━━ MATERIAL SHOWN ━━
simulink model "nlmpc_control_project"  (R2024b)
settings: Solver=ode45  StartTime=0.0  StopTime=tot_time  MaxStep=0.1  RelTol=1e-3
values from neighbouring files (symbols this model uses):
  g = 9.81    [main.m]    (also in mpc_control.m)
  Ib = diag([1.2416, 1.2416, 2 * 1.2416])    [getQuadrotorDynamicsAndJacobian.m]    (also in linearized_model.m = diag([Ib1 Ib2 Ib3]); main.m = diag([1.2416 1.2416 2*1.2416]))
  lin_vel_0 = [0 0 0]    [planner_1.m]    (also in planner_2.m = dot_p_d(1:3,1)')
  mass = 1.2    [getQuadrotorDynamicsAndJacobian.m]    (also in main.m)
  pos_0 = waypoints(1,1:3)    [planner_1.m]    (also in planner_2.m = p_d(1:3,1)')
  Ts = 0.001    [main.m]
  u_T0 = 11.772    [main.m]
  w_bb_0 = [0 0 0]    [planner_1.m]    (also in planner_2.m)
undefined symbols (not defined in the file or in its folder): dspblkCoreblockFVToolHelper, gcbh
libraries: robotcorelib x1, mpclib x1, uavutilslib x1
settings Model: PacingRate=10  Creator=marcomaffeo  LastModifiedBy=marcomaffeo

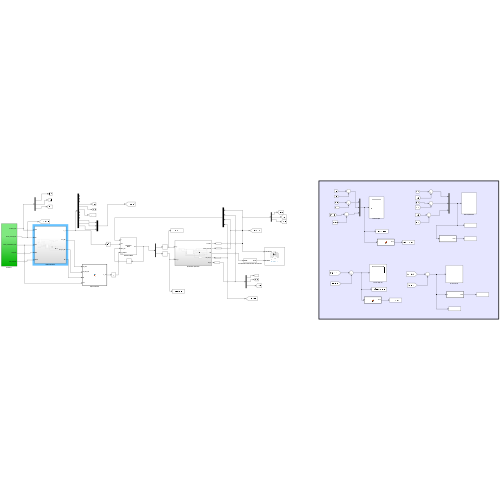
[thumbnail: Simulink's stored preview of the top-level diagram]
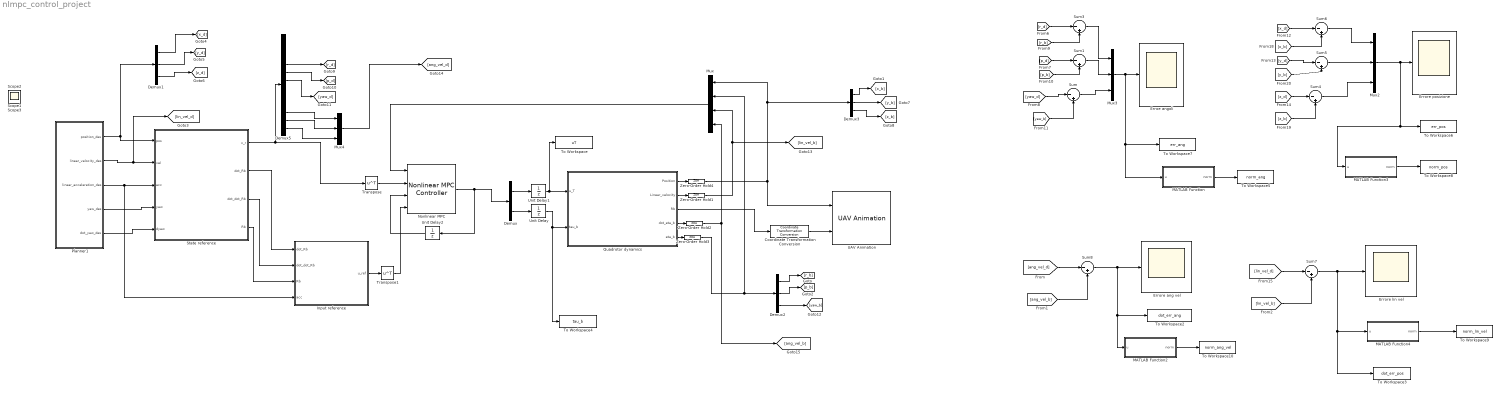
== system nlmpc_control_project ==
  Coordinate Transformation Conversion : robotcorelib/Coordinate Transformation Conversion  InputRepresentation=Rotation Matrix  InputEulerSequence=ZYX  ShowTrVecInputPort=on  OutputRepresentation=Quaternion  OutputEulerSequence=ZYX  ShowTrVecOutputPort=on  SimulateUsing=Interpreted execution
  Demux : Demux  Outputs=[1 3]
  Demux1 : Demux  Outputs=3
  Demux2 : Demux  Outputs=3
  Demux3 : Demux  Outputs=3
  Demux5 : Demux  Outputs=12
  Erroe angoli : Scope
  Errore ang vel : Scope
  Errore lin vel : Scope
  Errore posizione : Scope
  Input reference : MATLAB Function  TreatAsAtomicUnit=on
  MATLAB Function : MATLAB Function  TreatAsAtomicUnit=on
  MATLAB Function2 : MATLAB Function  TreatAsAtomicUnit=on
  MATLAB Function3 : MATLAB Function  TreatAsAtomicUnit=on
  MATLAB Function4 : MATLAB Function  TreatAsAtomicUnit=on
  Mux : Mux
  Mux2 : Mux  Inputs=3
  Mux3 : Mux  Inputs=3
  Mux4 : Mux  Inputs=3
  Nonlinear MPC : mpclib/Nonlinear MPC Controller  nlmpcobj=nlmpcobj  UseObjectTs=on  TsControl=-1  UseMEX=off  md_enabled=off  mvtarget_enabled=on  param_enabled=off  cost_enabled=off  mvseq_enabled=off  stateseq_enabled=off  ovseq_enabled=off  slack_enabled=off  status_enabled=off  ov_min=off  ov_max=off  mv_min=off  mv_max=off  mvrate_min=off  mvrate_max=off  state_min=off  state_max=off  ov_weight=off  mv_weight=off  mvrate_weight=off  ecr_weight=off  nlp_initialize=off
  Planner1 : Subsystem
  Quadrotor dynamics : Subsystem
  State reference : Subsystem
  Sum{,1,3..8} (8 alike) : Sum  Inputs=|-+
  To Workspace : ToWorkspace  VariableName=uT  SaveFormat=Structure With Time  SampleTime=Ts
  To Workspace10 : ToWorkspace  VariableName=norm_ang_vel  SaveFormat=Structure With Time  SampleTime=-1
  To Workspace2 : ToWorkspace  VariableName=dot_err_ang  SaveFormat=Structure With Time  SampleTime=Ts
  To Workspace3 : ToWorkspace  VariableName=dot_err_pos  SaveFormat=Structure With Time  SampleTime=-1
  To Workspace4 : ToWorkspace  VariableName=tau_b  SaveFormat=Structure With Time  SampleTime=Ts
  To Workspace5 : ToWorkspace  VariableName=norm_ang  SaveFormat=Structure With Time  SampleTime=-1
  To Workspace6 : ToWorkspace  VariableName=err_pos  SaveFormat=Structure With Time  SampleTime=Ts
  To Workspace7 : ToWorkspace  VariableName=err_ang  SaveFormat=Structure With Time  SampleTime=Ts
  To Workspace8 : ToWorkspace  VariableName=norm_pos  SaveFormat=Structure With Time  SampleTime=-1
  To Workspace9 : ToWorkspace  VariableName=norm_lin_vel  SaveFormat=Structure With Time  SampleTime=-1
  Transpose : Math  Operator=transpose
  Transpose1 : Math  Operator=transpose
  UAV Animation : uavutilslib/UAV Animation  NumUAV=1  DynamicUAVConfig=off  UAVType=Multirotor  UAVSize=1  UAVColor=[1 0.5 0]  UAVTrajectoryAlpha=1  InertialZDirection=Down  RotationFormat=Quaternion  DrawMarkers=off  SampleTime=0.01
  Unit Delay : UnitDelay  InitialCondition=[0 0 0]  SampleTime=Ts  HasFrameUpgradeWarning=on
  Unit Delay1 : UnitDelay  InitialCondition=u_T0  SampleTime=Ts  HasFrameUpgradeWarning=on
  Unit Delay2 : UnitDelay  InitialCondition=[u_T0 0 0 0]'  SampleTime=Ts  HasFrameUpgradeWarning=on
  Zero-Order Hold{1..4} (4 alike) : ZeroOrderHold  SampleTime=Ts
  Scope1 : Scope
  Scope2 : Scope
  Scope3 : Scope
  wires:
  Quadrotor dynamics/1(Position) -> Zero-Order Hold4/1
  Coordinate Transformation Conversion/1 -> UAV Animation/2
  Quadrotor dynamics/4(dot_eta_b) -> Zero-Order Hold2/1
  Quadrotor dynamics/3(Rb) -> Coordinate Transformation Conversion/1
  Demux/2 -> Unit Delay/1
  Planner1/1(position_des) -> State reference/1(pos), Demux1/1
  Planner1/2(linear_velocity_des) -> State reference/2(vel), [lin_vel_d]
  Planner1/3(linear_acceleration_des) -> State reference/3(acc), Input reference/4(acc)
  Planner1/4(yaw_des) -> State reference/4(yaw)
  Planner1/5(dot_yaw_des) -> State reference/5(dyaw)
  Unit Delay/1 -> To Workspace4/1, Quadrotor dynamics/2(tau_b)
  State reference/2(dot_Rb) -> Input reference/1(dot_Rb)
  State reference/3(dot_dot_Rb) -> Input reference/2(dot_dot_Rb)
  State reference/4(Rb) -> Input reference/3(Rb)
  Nonlinear MPC/1 -> Demux/1, Unit Delay2/1
  State reference/1(x_r) -> Demux5/1, Transpose/1
  Quadrotor dynamics/2(Linear_velocity) -> Zero-Order Hold1/1
  Transpose/1 -> Nonlinear MPC/2
  Input reference/1(u_ref) -> Transpose1/1
  Unit Delay2/1 -> Nonlinear MPC/3
  Demux3/1 -> [x_b]
  Demux3/2 -> [y_b]
  Demux3/3 -> [z_b]
  Transpose1/1 -> Nonlinear MPC/4
  Mux/1 -> Nonlinear MPC/1
  Zero-Order Hold4/1 -> Demux3/1, Mux/1, UAV Animation/1
  Zero-Order Hold1/1 -> Mux/3, [lin_vel_b]
  Zero-Order Hold2/1 -> Mux/4, [ang_vel_b]
  Demux2/1 -> [r_b]
  Demux2/2 -> [p_b]
  Unit Delay1/1 -> To Workspace/1, Quadrotor dynamics/1(u_T)
  Demux/1 -> Unit Delay1/1
  Demux1/1 -> [x_d]
  Demux1/2 -> [y_d]
  Demux1/3 -> [z_d]
  Demux2/3 -> [yaw_b]
  Demux5/4 -> [r_d]
  Demux5/5 -> [p_d]
  Demux5/6 -> [yaw_d]
  Demux5/10 -> Mux4/1
  Demux5/11 -> Mux4/2
  Demux5/12 -> Mux4/3
  Mux4/1 -> [ang_vel_d]
  Sum6/1 -> Mux2/1
  [x_d] -> Sum6/1
  [x_b] -> Sum6/2
  [y_d] -> Sum5/1
  [z_b] -> Sum4/2
  [ang_vel_d] -> Sum8/1
  MATLAB Function/1(norm) -> To Workspace5/1
  [yaw_b] -> Sum/2
  [z_d] -> Sum4/1
  MATLAB Function3/1(norm) -> To Workspace8/1
  MATLAB Function4/1(norm) -> To Workspace9/1
  Sum1/1 -> Mux3/2
  [lin_vel_d] -> Sum7/1
  [r_d] -> Sum3/1
  Sum5/1 -> Mux2/2
  [yaw_d] -> Sum/1
  [p_d] -> Sum1/1
  Sum/1 -> Mux3/3
  [p_b] -> Sum1/2
  Sum4/1 -> Mux2/3
  [lin_vel_b] -> Sum7/2
  [r_b] -> Sum3/2
  Mux3/1 -> Erroe angoli/1, To Workspace7/1, MATLAB Function/1(u)
  Mux2/1 -> MATLAB Function3/1(u), To Workspace6/1, Errore posizione/1
  Sum3/1 -> Mux3/1
  [ang_vel_b] -> Sum8/2
  Sum7/1 -> Errore lin vel/1, MATLAB Function4/1(u), To Workspace3/1
  [y_b] -> Sum5/2
  MATLAB Function2/1(norm) -> To Workspace10/1
  Sum8/1 -> Errore ang vel/1, MATLAB Function2/1(u), To Workspace2/1
  Quadrotor dynamics/5(eta_b) -> Zero-Order Hold3/1
  Zero-Order Hold3/1 -> Mux/2, Demux2/1

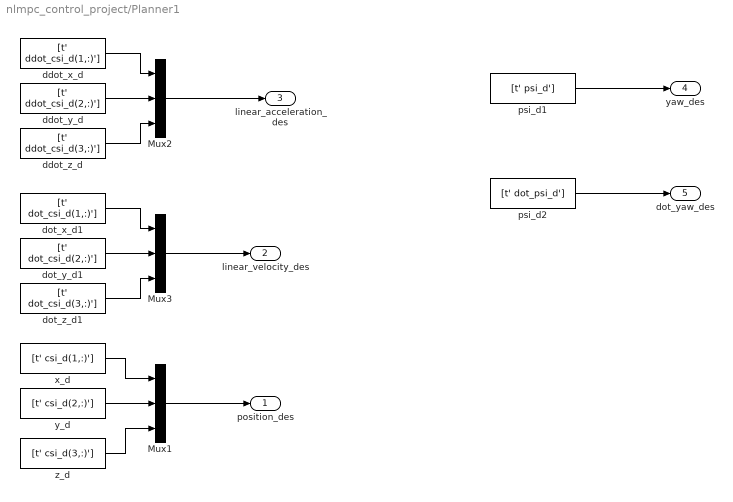
== system nlmpc_control_project/Planner1 ==
  Mux1 : Mux  Inputs=3
  Mux2 : Mux  Inputs=3
  Mux3 : Mux  Inputs=3
  ddot_x_d : FromWorkspace  VariableName=[t' ddot_csi_d(1,:)']  SampleTime=Ts
  ddot_y_d : FromWorkspace  VariableName=[t' ddot_csi_d(2,:)']  SampleTime=Ts
  ddot_z_d : FromWorkspace  VariableName=[t' ddot_csi_d(3,:)']  SampleTime=Ts
  dot_x_d1 : FromWorkspace  VariableName=[t' dot_csi_d(1,:)']  SampleTime=Ts
  dot_y_d1 : FromWorkspace  VariableName=[t' dot_csi_d(2,:)']  SampleTime=Ts
  dot_z_d1 : FromWorkspace  VariableName=[t' dot_csi_d(3,:)']  SampleTime=Ts
  psi_d1 : FromWorkspace  VariableName=[t' psi_d']  SampleTime=Ts
  psi_d2 : FromWorkspace  VariableName=[t' dot_psi_d']  SampleTime=Ts
  x_d : FromWorkspace  VariableName=[t' csi_d(1,:)']  SampleTime=Ts
  y_d : FromWorkspace  VariableName=[t' csi_d(2,:)']  SampleTime=Ts
  z_d : FromWorkspace  VariableName=[t' csi_d(3,:)']  SampleTime=Ts
  position_des : Outport
  linear_velocity_des : Outport  Port=2
  linear_acceleration_des : Outport  Port=3
  yaw_des : Outport  Port=4
  dot_yaw_des : Outport  Port=5
  wires:
  z_d/1 -> Mux1/3
  y_d/1 -> Mux1/2
  dot_z_d1/1 -> Mux3/3
  Mux1/1 -> position_des/1
  Mux3/1 -> linear_velocity_des/1
  ddot_z_d/1 -> Mux2/3
  ddot_x_d/1 -> Mux2/1
  dot_y_d1/1 -> Mux3/2
  x_d/1 -> Mux1/1
  dot_x_d1/1 -> Mux3/1
  ddot_y_d/1 -> Mux2/2
  Mux2/1 -> linear_acceleration_des/1
  psi_d1/1 -> yaw_des/1
  psi_d2/1 -> dot_yaw_des/1

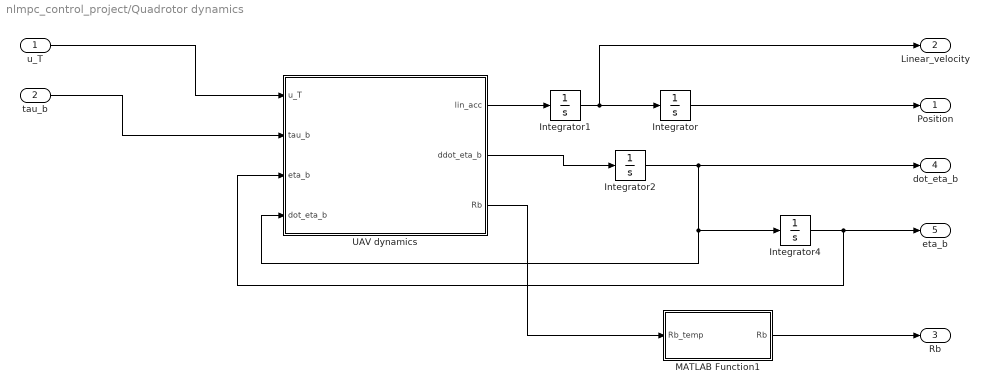
== system nlmpc_control_project/Quadrotor dynamics ==
  u_T : Inport
  tau_b : Inport  Port=2
  Integrator : Integrator  InitialCondition=pos_0
  Integrator1 : Integrator  InitialCondition=lin_vel_0
  Integrator2 : Integrator  InitialCondition=w_bb_0
  Integrator4 : Integrator  InitialCondition=[0 0 0]
  MATLAB Function1 : MATLAB Function  TreatAsAtomicUnit=on
  UAV dynamics : MATLAB Function  TreatAsAtomicUnit=on
  Position : Outport
  Linear_velocity : Outport  Port=2
  Rb : Outport  Port=3
  dot_eta_b : Outport  Port=4
  eta_b : Outport  Port=5
  wires:
  tau_b/1 -> UAV dynamics/2(tau_b)
  Integrator/1 -> Position/1
  UAV dynamics/1(lin_acc) -> Integrator1/1
  u_T/1 -> UAV dynamics/1(u_T)
  Integrator1/1 -> Linear_velocity/1, Integrator/1
  Integrator2/1 -> UAV dynamics/4(dot_eta_b), Integrator4/1, dot_eta_b/1
  Integrator4/1 -> UAV dynamics/3(eta_b), eta_b/1
  MATLAB Function1/1(Rb) -> Rb/1
  UAV dynamics/2(ddot_eta_b) -> Integrator2/1
  UAV dynamics/3(Rb) -> MATLAB Function1/1(Rb_temp)

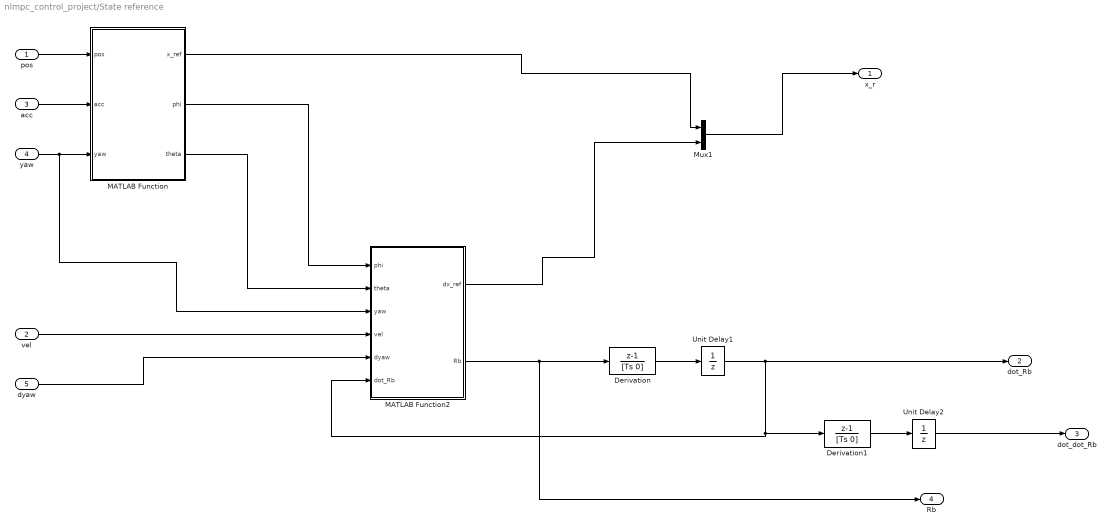
== system nlmpc_control_project/State reference ==
  pos : Inport
  vel : Inport  Port=2
  acc : Inport  Port=3
  yaw : Inport  Port=4
  dyaw : Inport  Port=5
  Derivation : DiscreteTransferFcn  LoadFcn=dspblkCoreblockFVToolHelper(gcbh,'load');  Numerator=[1 -1]  Denominator=[Ts 0]  InitialStates=[1 0 0;0 1 0;0 0 1]  SampleTime=Ts
      settings: CopyFcn=dspblkCoreblockFVToolHelper(gcbh,'copy');  DeleteFcn=dspblkCoreblockFVToolHelper(gcbh,'close');  ModelCloseFcn=dspblkCoreblockFVToolHelper(gcbh,'close');  PreSaveFcn=dspblkCoreblockFVToolHelper(gcbh,'presave');  PostSaveFcn=dspblkCoreblockFVToolHelper(gcbh,'postsave');  CloseFcn=dspblkCoreblockFVToolHelper(gcbh,'close');
  Derivation1 : DiscreteTransferFcn  LoadFcn=dspblkCoreblockFVToolHelper(gcbh,'load');  Numerator=[1 -1]  Denominator=[Ts 0]  InitialStates=[1 0 0;0 1 0;0 0 1]  SampleTime=Ts
      settings: CopyFcn=dspblkCoreblockFVToolHelper(gcbh,'copy');  DeleteFcn=dspblkCoreblockFVToolHelper(gcbh,'close');  ModelCloseFcn=dspblkCoreblockFVToolHelper(gcbh,'close');  PreSaveFcn=dspblkCoreblockFVToolHelper(gcbh,'presave');  PostSaveFcn=dspblkCoreblockFVToolHelper(gcbh,'postsave');  CloseFcn=dspblkCoreblockFVToolHelper(gcbh,'close');
  MATLAB Function : MATLAB Function  TreatAsAtomicUnit=on
  MATLAB Function2 : MATLAB Function  TreatAsAtomicUnit=on
  Mux1 : Mux  Inputs=2
  Unit Delay1 : UnitDelay  InitialCondition=eye(3)  SampleTime=Ts
  Unit Delay2 : UnitDelay  InitialCondition=eye(3)  SampleTime=Ts
  x_r : Outport
  dot_Rb : Outport  Port=2
  dot_dot_Rb : Outport  Port=3
  Rb : Outport  Port=4
  wires:
  pos/1 -> MATLAB Function/1(pos)
  acc/1 -> MATLAB Function/2(acc)
  dyaw/1 -> MATLAB Function2/5(dyaw)
  vel/1 -> MATLAB Function2/4(vel)
  yaw/1 -> MATLAB Function/3(yaw), MATLAB Function2/3(yaw)
  MATLAB Function/2(phi) -> MATLAB Function2/1(phi)
  MATLAB Function/3(theta) -> MATLAB Function2/2(theta)
  MATLAB Function2/1(dx_ref) -> Mux1/2
  Derivation/1 -> Unit Delay1/1
  Unit Delay1/1 -> dot_Rb/1, MATLAB Function2/6(dot_Rb), Derivation1/1
  Derivation1/1 -> Unit Delay2/1
  Unit Delay2/1 -> dot_dot_Rb/1
  MATLAB Function2/2(Rb) -> Derivation/1, Rb/1
  MATLAB Function/1(x_ref) -> Mux1/1
  Mux1/1 -> x_r/1

== matlab function nlmpc_control_project/MATLAB Function4 ==
  data: u input; norm output
function norm = fcn(u)

norm = sqrt(u(1)^2+u(2)^2+u(3)^2);

== matlab function nlmpc_control_project/State reference/MATLAB Function ==
  data: pos input; x_ref output; acc input; yaw input; g parameter; phi output; theta output
function [x_ref,phi,theta] = fcn(pos, acc, yaw, g)


x = pos(1); y = pos(2); z = pos(3);
ddx = acc(1); ddy = acc(2); ddz = -acc(3);


beta_a = -ddx * sin(yaw) + ddy * cos(yaw);
beta_c = -ddx * cos(yaw) + ddy * sin(yaw);
beta_d = -ddz + g;
beta_b = sqrt(beta_c^2 + beta_d^2);


phi = atan2(beta_a, beta_b);
theta = atan2(beta_c, beta_d);


x_ref = [x; y; z; phi; theta; yaw];
end

== matlab function nlmpc_control_project/Quadrotor dynamics/UAV dynamics ==
  data: u_T input size=1; tau_b input size=3; lin_acc output size=3; ddot_eta_b output size=3; eta_b input size=3; dot_eta_b input size=3; Rb output size=[3,3]; Ib parameter; mass parameter
function [lin_acc, ddot_eta_b,Rb] = fcn(u_T,tau_b,eta_b,dot_eta_b, Ib, mass)

%matrix definition
Q=[1              0                        -sin(eta_b(2));
   0        cos(eta_b(1))     cos(eta_b(2))*sin(eta_b(1));
   0       -sin(eta_b(1))    cos(eta_b(1))*cos(eta_b(2))];

Q_dot=[0             0                                                                          -cos(eta_b(2))*dot_eta_b(2);
       0 -sin(eta_b(1))*dot_eta_b(1)     -sin(eta_b(2))*sin(eta_b(1))*dot_eta_b(2)+cos(eta_b(2))*cos(eta_b(1))*dot_eta_b(1);
       0 -cos(eta_b(1))*dot_eta_b(1)     -sin(eta_b(2))*cos(eta_b(1))*dot_eta_b(2)-cos(eta_b(2))*sin(eta_b(1))*dot_eta_b(1)];


M=Q'*Ib*Q;

S = skew(Q*(dot_eta_b));

C = (Q'*S*Ib*Q)+ (Q'*Ib*Q_dot); 


Rb=[cos(eta_b(2))*cos(eta_b(3))   sin(eta_b(1))*sin(eta_b(2))*cos(eta_b(3))-cos(eta_b(1))*sin(eta_b(3))   cos(eta_b(1))*sin(eta_b(2))*cos(eta_b(3))+sin(eta_b(1))*sin(eta_b(3));
    cos(eta_b(2))*sin(eta_b(3))   sin(eta_b(1))*sin(eta_b(2))*sin(eta_b(3))+cos(eta_b(1))*cos(eta_b(3))   cos(eta_b(1))*sin(eta_b(2))*sin(eta_b(3))-sin(eta_b(1))*cos(eta_b(3));
        -sin(eta_b(2))              sin(eta_b(1))*cos(eta_b(2))                                           cos(eta_b(1))*cos(eta_b(2))];


%quadcopter dynamic model
lin_acc = 9.81*[0 0 1]'-(u_T/mass)*Rb*[0 0 1]';

ddot_eta_b = (inv(M))*((-C*dot_eta_b)+(Q'*tau_b));


end

function S = skew(v)
if(numel(v)~= 1)
S= [0 -v(3) v(2); 
    v(3) 0 -v(1);
    -v(2) v(1) 0];
else
S= zeros(3);
end
end

== matlab function nlmpc_control_project/Input reference ==
  data: dot_Rb input; dot_dot_Rb input; Rb input; acc input; u_ref output; g parameter; mass parameter; Ib parameter
function u_ref = fcn(dot_Rb,dot_dot_Rb,Rb,acc, g, mass, Ib)

% Calcolo thrust
u_T = mass * sqrt(acc(1)^2 + acc(2)^2 + (acc(3) - g)^2);


% Torques 
tau_b = Ib*wedge(dot_Rb'+Rb'*dot_dot_Rb)+((Rb'*dot_Rb*Ib)*(wedge(Rb'*dot_Rb)));

tau_phi = tau_b(1);
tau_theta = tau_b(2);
━━━
• [REQUIREMENT]: Go through the entries and return each line where the word "DiscreteTransferFcn" appears.

• [ANSWER TO THIS PROBLEM]:
  Derivation : DiscreteTransferFcn  LoadFcn=dspblkCoreblockFVToolHelper(gcbh,'load');  Numerator=[1 -1]  Denominator=[Ts 0]  InitialStates=[1 0 0;0 1 0;0 0 1]  SampleTime=Ts
  Derivation1 : DiscreteTransferFcn  LoadFcn=dspblkCoreblockFVToolHelper(gcbh,'load');  Numerator=[1 -1]  Denominator=[Ts 0]  InitialStates=[1 0 0;0 1 0;0 0 1]  SampleTime=Ts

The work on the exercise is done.